TASK INPUT START
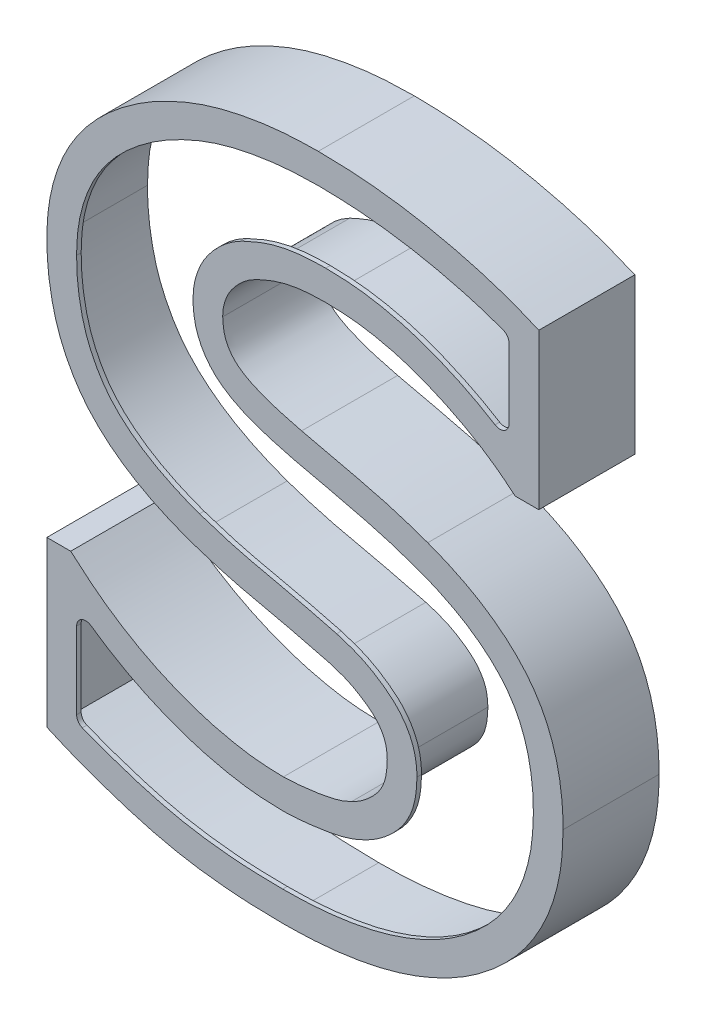
from build123d import *

# Parameters (mm, degrees)
BOSS_EXTRUDE1_DEPTH      = 1
BOSS_EXTRUDE1_DEPTH_BACK = 20
CUT_EXTRUDE3_DEPTH       = 157.135774002
CUT_EXTRUDE4_DEPTH       = 20
FILLET1_R                = 2


with BuildPart() as part:
    # Sketch1 → Boss-Extrude1 (new, two sides: drawn at the far end of the back side and taken through both)
    with BuildSketch(Plane.XY.offset(-BOSS_EXTRUDE1_DEPTH_BACK)):
        with BuildLine():
            Line((3196.172643141, -1601.823084168), (3190.957276755, -1601.823084168))
            Line((3190.957276755, -1601.823084168), (3190.957276755, -1637.755053706))
            add(Edge.make_bspline(
                [(3190.957276755, -1637.755053706), (3192.991834627, -1638.641602204), (3195.022747906, -1639.537347953), (3199.142486331, -1641.18269693), (3201.232171278, -1641.930555643), (3207.533438686, -1644.090240096), (3211.776581134, -1645.393673051), (3218.264885618, -1646.911990673), (3220.440233524, -1647.341547516), (3224.818164413, -1648.034932979), (3227.02002631, -1648.306434503), (3231.439814803, -1648.738122444), (3233.652613354, -1648.891565654), (3238.084303749, -1649.067533936), (3240.302859588, -1649.097278264), (3242.521415183, -1649.127027852)],
                knots=[0, 0, 0, 0, 0.125, 0.125, 0.25, 0.25, 0.5, 0.5, 0.625, 0.625, 0.75, 0.75, 0.875, 0.875, 1, 1, 1, 1], degree=3))
            add(Edge.make_bspline(
                [(3242.521415183, -1649.127027852), (3244.348897425, -1649.100457597), (3246.176360431, -1649.073772369), (3249.814237303, -1648.918493935), (3251.623324901, -1648.781973226), (3255.222893666, -1648.397715432), (3257.01438453, -1648.156013623), (3260.579444897, -1647.565488502), (3262.352526502, -1647.213748875), (3265.875316722, -1646.370562061), (3267.624924981, -1645.878515011), (3270.22918, -1645.019957626), (3271.093992484, -1644.714210958), (3272.817059503, -1644.063518739), (3273.675339525, -1643.718683269), (3277.905527501, -1641.911575733), (3281.129453, -1640.188050604), (3284.903710038, -1637.590332772), (3285.646163256, -1637.049290037), (3287.106656748, -1635.924871127), (3287.826595669, -1635.340031046), (3289.925389886, -1633.540674216), (3291.250659797, -1632.27857699), (3293.115611077, -1630.28143834), (3293.716097338, -1629.597825034), (3294.869196918, -1628.190108008), (3295.421572258, -1627.465803007), (3296.479765544, -1625.977815267), (3296.985622886, -1625.214165847), (3297.710315086, -1624.039855541), (3297.94615297, -1623.643575629), (3298.406036723, -1622.841042247), (3298.630526986, -1622.433918704), (3300.582420103, -1618.749699062), (3301.837034855, -1615.315859193), (3302.861228972, -1610.843510261), (3303.03920589, -1609.940151135), (3303.338794138, -1608.114779965), (3303.460005894, -1607.193392676), (3303.730457385, -1604.430092745), (3303.781118128, -1602.578913125), (3303.831038967, -1600.727682255)],
                knots=[0, 0, 0, 0, 0.0625, 0.0625, 0.125, 0.125, 0.1875, 0.1875, 0.25, 0.25, 0.3125, 0.3125, 0.34375, 0.34375, 0.375, 0.375, 0.5, 0.5, 0.53125, 0.53125, 0.5625, 0.5625, 0.625, 0.625, 0.65625, 0.65625, 0.6875, 0.6875, 0.71875, 0.71875, 0.734375, 0.734375, 0.75, 0.75, 0.875, 0.875, 0.90625, 0.90625, 0.9375, 0.9375, 1, 1, 1, 1], degree=3))
            add(Edge.make_bspline(
                [(3303.831038967, -1600.727682255), (3303.812090528, -1599.615392237), (3303.79314674, -1598.503101537), (3303.68112095, -1596.289411811), (3303.585179992, -1595.188432795), (3303.31851393, -1592.997461332), (3303.149114033, -1591.907274198), (3302.730051864, -1589.738691308), (3302.480892302, -1588.660221698), (3301.883202161, -1586.517881114), (3301.530157021, -1585.44994259), (3300.741731914, -1583.3656124), (3300.309180042, -1582.343893966), (3299.330799204, -1580.360868667), (3298.782647044, -1579.40080078), (3297.589682346, -1577.53221475), (3296.943967326, -1576.622667469), (3295.5401309, -1574.869722656), (3294.796191165, -1574.038750477), (3293.249422724, -1572.440570146), (3292.443465047, -1571.676749995), (3290.761882905, -1570.224543766), (3289.888438271, -1569.533797403), (3288.090183485, -1568.207922432), (3287.164986284, -1567.572361549), (3285.287861665, -1566.369200517), (3284.33076701, -1565.804151559), (3282.378550926, -1564.749013253), (3281.387053728, -1564.251779701), (3279.390498759, -1563.284043636), (3278.381702774, -1562.820910013), (3276.32640528, -1561.968969115), (3275.282534923, -1561.574975229), (3274.238616276, -1561.181076533)],
                knots=[0, 0, 0, 0, 0.0625, 0.0625, 0.125, 0.125, 0.1875, 0.1875, 0.25, 0.25, 0.3125, 0.3125, 0.375, 0.375, 0.4375, 0.4375, 0.5, 0.5, 0.5625, 0.5625, 0.625, 0.625, 0.6875, 0.6875, 0.75, 0.75, 0.8125, 0.8125, 0.875, 0.875, 0.9375, 0.9375, 1, 1, 1, 1], degree=3))
            add(Edge.make_bspline(
                [(3274.238616276, -1561.181076533), (3271.990075283, -1560.397861458), (3269.741514916, -1559.614704405), (3265.186697771, -1558.221179909), (3262.882847762, -1557.621661112), (3255.949587468, -1555.903960961), (3251.306032104, -1554.849865923), (3246.66282357, -1553.794472176)],
                knots=[0, 0, 0, 0, 0.25, 0.25, 0.5, 0.5, 1, 1, 1, 1], degree=3))
            add(Edge.make_bspline(
                [(3246.66282357, -1553.794472176), (3244.757153074, -1553.316482622), (3242.852533179, -1552.834706178), (3240.50761324, -1552.103246456), (3240.040275465, -1551.949531023), (3239.115007965, -1551.62087986), (3238.656591883, -1551.446562391), (3237.285486513, -1550.913795281), (3236.371544185, -1550.558314161), (3235.051333248, -1549.904975331), (3234.617476293, -1549.66837135), (3233.773906132, -1549.158483212), (3233.363555211, -1548.888482855), (3232.581517584, -1548.297569824), (3232.214337579, -1547.97072281), (3231.532670019, -1547.247644344), (3231.226074965, -1546.862910083), (3230.679299567, -1546.0529365), (3230.439314414, -1545.626819092), (3230.137177165, -1544.951052804), (3230.045903751, -1544.718370672), (3229.885407991, -1544.249467976), (3229.815830984, -1544.012785104), (3229.636785468, -1543.296528573), (3229.560363814, -1542.81004406), (3229.458098082, -1541.826498108), (3229.42963958, -1541.330748868), (3229.401645609, -1540.835919436)],
                knots=[0, 0, 0, 0, 0.25, 0.25, 0.3125, 0.3125, 0.375, 0.375, 0.5, 0.5, 0.5625, 0.5625, 0.625, 0.625, 0.6875, 0.6875, 0.75, 0.75, 0.8125, 0.8125, 0.84375, 0.84375, 0.875, 0.875, 0.9375, 0.9375, 1, 1, 1, 1], degree=3))
            add(Edge.make_bspline(
                [(3229.401645609, -1540.835919436), (3229.419611701, -1540.265675495), (3229.436656865, -1539.695255796), (3229.60800735, -1538.580612336), (3229.763258709, -1538.036569126), (3230.127291214, -1536.958698801), (3230.340079521, -1536.423700476), (3230.867217143, -1535.427585851), (3231.179381939, -1534.960212143), (3231.853541143, -1534.056927248), (3232.219030124, -1533.619569559), (3232.989846119, -1532.790206247), (3233.394215868, -1532.398493254), (3234.242073016, -1531.662451083), (3234.684923455, -1531.317350345), (3235.628751582, -1530.697559306), (3236.130858039, -1530.423851497), (3236.631290484, -1530.151038176)],
                knots=[0, 0, 0, 0, 0.125, 0.125, 0.25, 0.25, 0.375, 0.375, 0.5, 0.5, 0.625, 0.625, 0.75, 0.75, 0.875, 0.875, 1, 1, 1, 1], degree=3))
            add(Edge.make_bspline(
                [(3236.631290484, -1530.151038176), (3237.828214124, -1529.60034102), (3239.024992086, -1529.04929924), (3240.8796152, -1528.363388351), (3241.507253035, -1528.16014843), (3242.77291638, -1527.803156136), (3243.41198386, -1527.648890901), (3244.701748939, -1527.385552399), (3245.353087788, -1527.276490221), (3246.656377841, -1527.101430421), (3247.30957995, -1527.035271957), (3249.273331136, -1526.893686022), (3250.587743236, -1526.871279742), (3251.902143608, -1526.848712477)],
                knots=[0, 0, 0, 0, 0.25, 0.25, 0.375, 0.375, 0.5, 0.5, 0.625, 0.625, 0.75, 0.75, 1, 1, 1, 1], degree=3))
            add(Edge.make_bspline(
                [(3251.902143608, -1526.848712477), (3253.799536324, -1526.894677015), (3255.696963749, -1526.940301827), (3259.465744533, -1527.286766697), (3261.336862952, -1527.589906373), (3265.063795701, -1528.345983486), (3266.90456818, -1528.795535189), (3270.508191544, -1529.883731581), (3272.272742536, -1530.524111094), (3275.75509112, -1531.925680524), (3277.473812369, -1532.684483718), (3280.011354518, -1533.927442821), (3280.850280896, -1534.359646344), (3282.514901638, -1535.258244803), (3283.341760978, -1535.725254746), (3285.791753786, -1537.167028702), (3287.38887369, -1538.179808673), (3290.44827007, -1540.397520596), (3291.910857399, -1541.602009584), (3293.379571644, -1542.797767712)],
                knots=[0, 0, 0, 0, 0.125, 0.125, 0.25, 0.25, 0.375, 0.375, 0.5, 0.5, 0.625, 0.625, 0.6875, 0.6875, 0.75, 0.75, 0.875, 0.875, 1, 1, 1, 1], degree=3))
            Line((3293.379571644, -1542.797767712), (3298.51423878, -1542.797767712))
            Line((3298.51423878, -1542.797767712), (3298.51423878, -1508.81538708))
            add(Edge.make_bspline(
                [(3298.51423878, -1508.81538708), (3296.610005173, -1508.019880815), (3294.709570393, -1507.214182361), (3290.852751326, -1505.75289703), (3288.893727717, -1505.103498515), (3284.939855481, -1503.904467758), (3282.949820717, -1503.357036954), (3278.944381968, -1502.363051809), (3276.928750748, -1501.915767203), (3272.879382702, -1501.100021387), (3270.848318538, -1500.733833905), (3266.76822727, -1500.118821969), (3264.719068887, -1499.868696184), (3260.608433638, -1499.45782385), (3258.550748591, -1499.298358854), (3254.428870441, -1499.105803884), (3252.36471726, -1499.071938677), (3250.300564879, -1499.038057919)],
                knots=[0, 0, 0, 0, 0.125, 0.125, 0.25, 0.25, 0.375, 0.375, 0.5, 0.5, 0.625, 0.625, 0.75, 0.75, 0.875, 0.875, 1, 1, 1, 1], degree=3))
            add(Edge.make_bspline(
                [(3250.300564879, -1499.038057919), (3248.552853688, -1499.068743025), (3246.805166811, -1499.099559633), (3243.329802199, -1499.269408513), (3241.603348095, -1499.415058571), (3238.171337523, -1499.819379611), (3236.465245277, -1500.075152937), (3233.072711165, -1500.692974973), (3231.386047161, -1501.053822282), (3228.035842018, -1501.900572566), (3226.372867516, -1502.389540086), (3223.899613386, -1503.237688803), (3223.078653871, -1503.539109834), (3221.443917624, -1504.180798635), (3220.628122575, -1504.522209405), (3219.015890217, -1505.236154243), (3218.219236074, -1505.608605539), (3216.642748689, -1506.381025318), (3215.862658388, -1506.780573283), (3214.321941099, -1507.611509104), (3213.56135125, -1508.042957717), (3212.063148529, -1508.943442812), (3211.325826545, -1509.412955154), (3209.873256459, -1510.388090346), (3209.15795627, -1510.893627985), (3207.747657281, -1511.937914158), (3207.052369079, -1512.476189261), (3205.68442446, -1513.589762639), (3205.010587459, -1514.16642401), (3203.703436411, -1515.349610847), (3203.068715245, -1515.957360003), (3201.223019072, -1517.830706384), (3200.070245055, -1519.146174304), (3198.468482918, -1521.228540501), (3197.955835737, -1521.940891222), (3197.220845335, -1523.038534072), (3196.981522898, -1523.409277215), (3196.514717664, -1524.160908536), (3196.286956793, -1524.542339303), (3195.187965704, -1526.460183205), (3194.432732895, -1528.040352698), (3193.147267731, -1531.283994759), (3192.61452607, -1532.946538294), (3191.973808503, -1535.498996965), (3191.786323006, -1536.359474855), (3191.46889033, -1538.101733343), (3191.340467664, -1538.976439096), (3191.054316819, -1541.607340617), (3191.005000657, -1543.373125449), (3190.956929199, -1545.139014559)],
                knots=[0, 0, 0, 0, 0.0625, 0.0625, 0.125, 0.125, 0.1875, 0.1875, 0.25, 0.25, 0.3125, 0.3125, 0.34375, 0.34375, 0.375, 0.375, 0.40625, 0.40625, 0.4375, 0.4375, 0.46875, 0.46875, 0.5, 0.5, 0.53125, 0.53125, 0.5625, 0.5625, 0.59375, 0.59375, 0.625, 0.625, 0.6875, 0.6875, 0.71875, 0.71875, 0.734375, 0.734375, 0.75, 0.75, 0.8125, 0.8125, 0.875, 0.875, 0.90625, 0.90625, 0.9375, 0.9375, 1, 1, 1, 1], degree=3))
            add(Edge.make_bspline(
                [(3190.956929199, -1545.139014559), (3190.976895695, -1546.311752716), (3190.996903714, -1547.484484308), (3191.120911284, -1549.81667024), (3191.226531207, -1550.975868433), (3191.520625188, -1553.281167365), (3191.70948452, -1554.427207199), (3192.155457489, -1556.708497332), (3192.410243212, -1557.844115623), (3192.880014337, -1559.533696565), (3193.05162837, -1560.094515295), (3193.421281638, -1561.2119755), (3193.619720749, -1561.769708937), (3194.243520939, -1563.42422998), (3194.700106162, -1564.504780014), (3195.477544531, -1566.074540249), (3195.750899382, -1566.589954832), (3196.318808095, -1567.609088694), (3196.612470304, -1568.11329989), (3197.21863281, -1569.111329477), (3197.532337724, -1569.604483291), (3198.190985174, -1570.573557404), (3198.537100364, -1571.048830759), (3199.26229807, -1571.981189692), (3199.641070157, -1572.438976566), (3200.414954675, -1573.330540996), (3200.810826897, -1573.766292083), (3202.025763706, -1575.042856326), (3202.873804342, -1575.851120363), (3204.644347536, -1577.384004533), (3205.565330007, -1578.110332196), (3207.467046353, -1579.495868105), (3208.450142551, -1580.157849404), (3211.448638321, -1582.033004169), (3213.524428665, -1583.125444131), (3216.710394111, -1584.615706933), (3217.786004435, -1585.084494345), (3219.965065596, -1585.964910112), (3221.066821818, -1586.380017663), (3222.168538993, -1586.795205381)],
                knots=[0, 0, 0, 0, 0.0625, 0.0625, 0.125, 0.125, 0.1875, 0.1875, 0.25, 0.25, 0.28125, 0.28125, 0.3125, 0.3125, 0.375, 0.375, 0.40625, 0.40625, 0.4375, 0.4375, 0.46875, 0.46875, 0.5, 0.5, 0.53125, 0.53125, 0.5625, 0.5625, 0.625, 0.625, 0.6875, 0.6875, 0.75, 0.75, 0.875, 0.875, 0.9375, 0.9375, 1, 1, 1, 1], degree=3))
            add(Edge.make_bspline(
                [(3222.168538993, -1586.795205381), (3224.654424843, -1587.610275414), (3227.140303428, -1588.425368808), (3232.182289397, -1589.829755107), (3234.730739932, -1590.420367107), (3239.836589079, -1591.563994426), (3242.393864925, -1592.117592958), (3247.485276736, -1593.321770116), (3250.018330221, -1593.976899528), (3252.55131125, -1594.632332691)],
                knots=[0, 0, 0, 0, 0.25, 0.25, 0.5, 0.5, 0.75, 0.75, 1, 1, 1, 1], degree=3))
            add(Edge.make_bspline(
                [(3252.55131125, -1594.632332691), (3254.067300135, -1595.098073695), (3255.583428227, -1595.563512268), (3257.372180855, -1596.376482976), (3257.724156414, -1596.551623354), (3258.416423038, -1596.927288915), (3258.757208454, -1597.126740113), (3259.431869697, -1597.540653733), (3259.766012507, -1597.754536131), (3260.429620411, -1598.19246336), (3260.759588081, -1598.418566245), (3261.72239707, -1599.124835233), (3262.325849669, -1599.635633186), (3263.14157027, -1600.494855335), (3263.398885887, -1600.796435756), (3263.878580491, -1601.435926239), (3264.100344506, -1601.773683039), (3264.48936104, -1602.467667099), (3264.658253087, -1602.82653022), (3264.942053791, -1603.569273489), (3265.057927328, -1603.956249174), (3265.2253593, -1604.741199444), (3265.275346088, -1605.137647006), (3265.345681697, -1605.934032717), (3265.366070802, -1606.333966121), (3265.386042828, -1606.733948646)],
                knots=[0, 0, 0, 0, 0.25, 0.25, 0.3125, 0.3125, 0.375, 0.375, 0.4375, 0.4375, 0.5, 0.5, 0.625, 0.625, 0.6875, 0.6875, 0.75, 0.75, 0.8125, 0.8125, 0.875, 0.875, 0.9375, 0.9375, 1, 1, 1, 1], degree=3))
            add(Edge.make_bspline(
                [(3265.386042828, -1606.733948646), (3265.332175266, -1607.980444514), (3265.273552253, -1609.226242804), (3264.900651101, -1610.739539091), (3264.810476692, -1611.040386299), (3264.596155069, -1611.635135977), (3264.474732429, -1611.924028228), (3264.074314175, -1612.769203642), (3263.76250529, -1613.305970271), (3263.032664591, -1614.316324716), (3262.604026787, -1614.787197628), (3261.718603178, -1615.677667595), (3261.262629765, -1616.106313893), (3260.299900359, -1616.900083556), (3259.791866507, -1617.263608471), (3258.721965971, -1617.923319867), (3258.159922579, -1618.219394209), (3257.599737938, -1618.514825736)],
                knots=[0, 0, 0, 0, 0.25, 0.25, 0.3125, 0.3125, 0.375, 0.375, 0.5, 0.5, 0.625, 0.625, 0.75, 0.75, 0.875, 0.875, 1, 1, 1, 1], degree=3))
            add(Edge.make_bspline(
                [(3257.599737938, -1618.514825736), (3257.021267091, -1618.794331591), (3256.442425356, -1619.072585042), (3255.251819561, -1619.517920694), (3254.643481559, -1619.696571914), (3253.415464433, -1620.015577951), (3252.795013427, -1620.153326294), (3251.545934001, -1620.401209697), (3250.916400521, -1620.510685262), (3249.653630995, -1620.703938356), (3249.020569965, -1620.787653271), (3247.75272799, -1620.941835267), (3247.117985326, -1621.013451938), (3245.84709834, -1621.141991845), (3245.211251947, -1621.20007903), (3243.937310064, -1621.281739576), (3243.298849743, -1621.29971436), (3242.660293775, -1621.316221381)],
                knots=[0, 0, 0, 0, 0.125, 0.125, 0.25, 0.25, 0.375, 0.375, 0.5, 0.5, 0.625, 0.625, 0.75, 0.75, 0.875, 0.875, 1, 1, 1, 1], degree=3))
            add(Edge.make_bspline(
                [(3242.660293775, -1621.316221381), (3241.581443395, -1621.286504883), (3240.50261444, -1621.256612368), (3238.35071431, -1621.149521617), (3237.277805247, -1621.070991487), (3235.143018738, -1620.823295857), (3234.080536901, -1620.659096021), (3231.962396513, -1620.274636487), (3230.906574791, -1620.055717388), (3228.799790178, -1619.577959225), (3227.751520518, -1619.317248912), (3225.678619053, -1618.748077139), (3224.652720281, -1618.438495198), (3221.60692253, -1617.434186336), (3219.6167186, -1616.66911618), (3215.700443453, -1614.987054839), (3213.776709782, -1614.064526348), (3210.949357189, -1612.542752811), (3210.016283518, -1612.013281764), (3208.167686169, -1610.912766303), (3207.250526974, -1610.341109808), (3204.540901632, -1608.575566536), (3202.790497125, -1607.325353329), (3199.425599504, -1604.647348548), (3197.801552821, -1603.232039424), (3196.172643141, -1601.823084168)],
                knots=[0, 0, 0, 0, 0.0625, 0.0625, 0.125, 0.125, 0.1875, 0.1875, 0.25, 0.25, 0.3125, 0.3125, 0.375, 0.375, 0.5, 0.5, 0.625, 0.625, 0.6875, 0.6875, 0.75, 0.75, 0.875, 0.875, 1, 1, 1, 1], degree=3))
        make_face()
    extrude(amount=BOSS_EXTRUDE1_DEPTH + BOSS_EXTRUDE1_DEPTH_BACK)

    # 3DSketch3 → Cut-Extrude3 (cut, through all)
    with BuildSketch(Plane(origin=(3197.457276754, -1611.385744091, 1), x_dir=(0.6935425068211774, 0.7204157072358967, 0), z_dir=(0, 0, -1))):
        with BuildLine():
            Line((0, 0), (-15.916938943, 15.323199682))
            add(Edge.make_bspline(
                [(-15.916938943, 15.323199682), (-15.695170344, 15.900075679), (-15.47079654, 16.475928636), (-15.243091821, 17.050434333), (-14.462339414, 18.980185353), (-13.627313875, 20.88728784), (-13.018665468, 22.219024521), (-11.776205432, 24.852724022), (-10.490974451, 27.465197226), (-9.837610173, 28.756522998), (-8.506655455, 31.296386826), (-7.08854671, 33.790322845), (-6.363108611, 35.012398523), (-4.862251697, 37.427263806), (-3.256378408, 39.773096821), (-2.429703857, 40.930596252), (-0.722729146, 43.233454283), (1.055074851, 45.481614428), (1.968829061, 46.599466985), (3.530856611, 48.446808911), (5.144930156, 50.248358996), (5.802332326, 50.969096807), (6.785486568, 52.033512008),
TASK INPUT END
Your reply is to repeat, unchanged, the lines above running from the one with "# Parameters (mm, degrees)" up to and including the one with "with BuildPart() as".

# Parameters (mm, degrees)
BOSS_EXTRUDE1_DEPTH      = 1
BOSS_EXTRUDE1_DEPTH_BACK = 20
CUT_EXTRUDE3_DEPTH       = 157.135774002
CUT_EXTRUDE4_DEPTH       = 20
FILLET1_R                = 2


with BuildPart() as part:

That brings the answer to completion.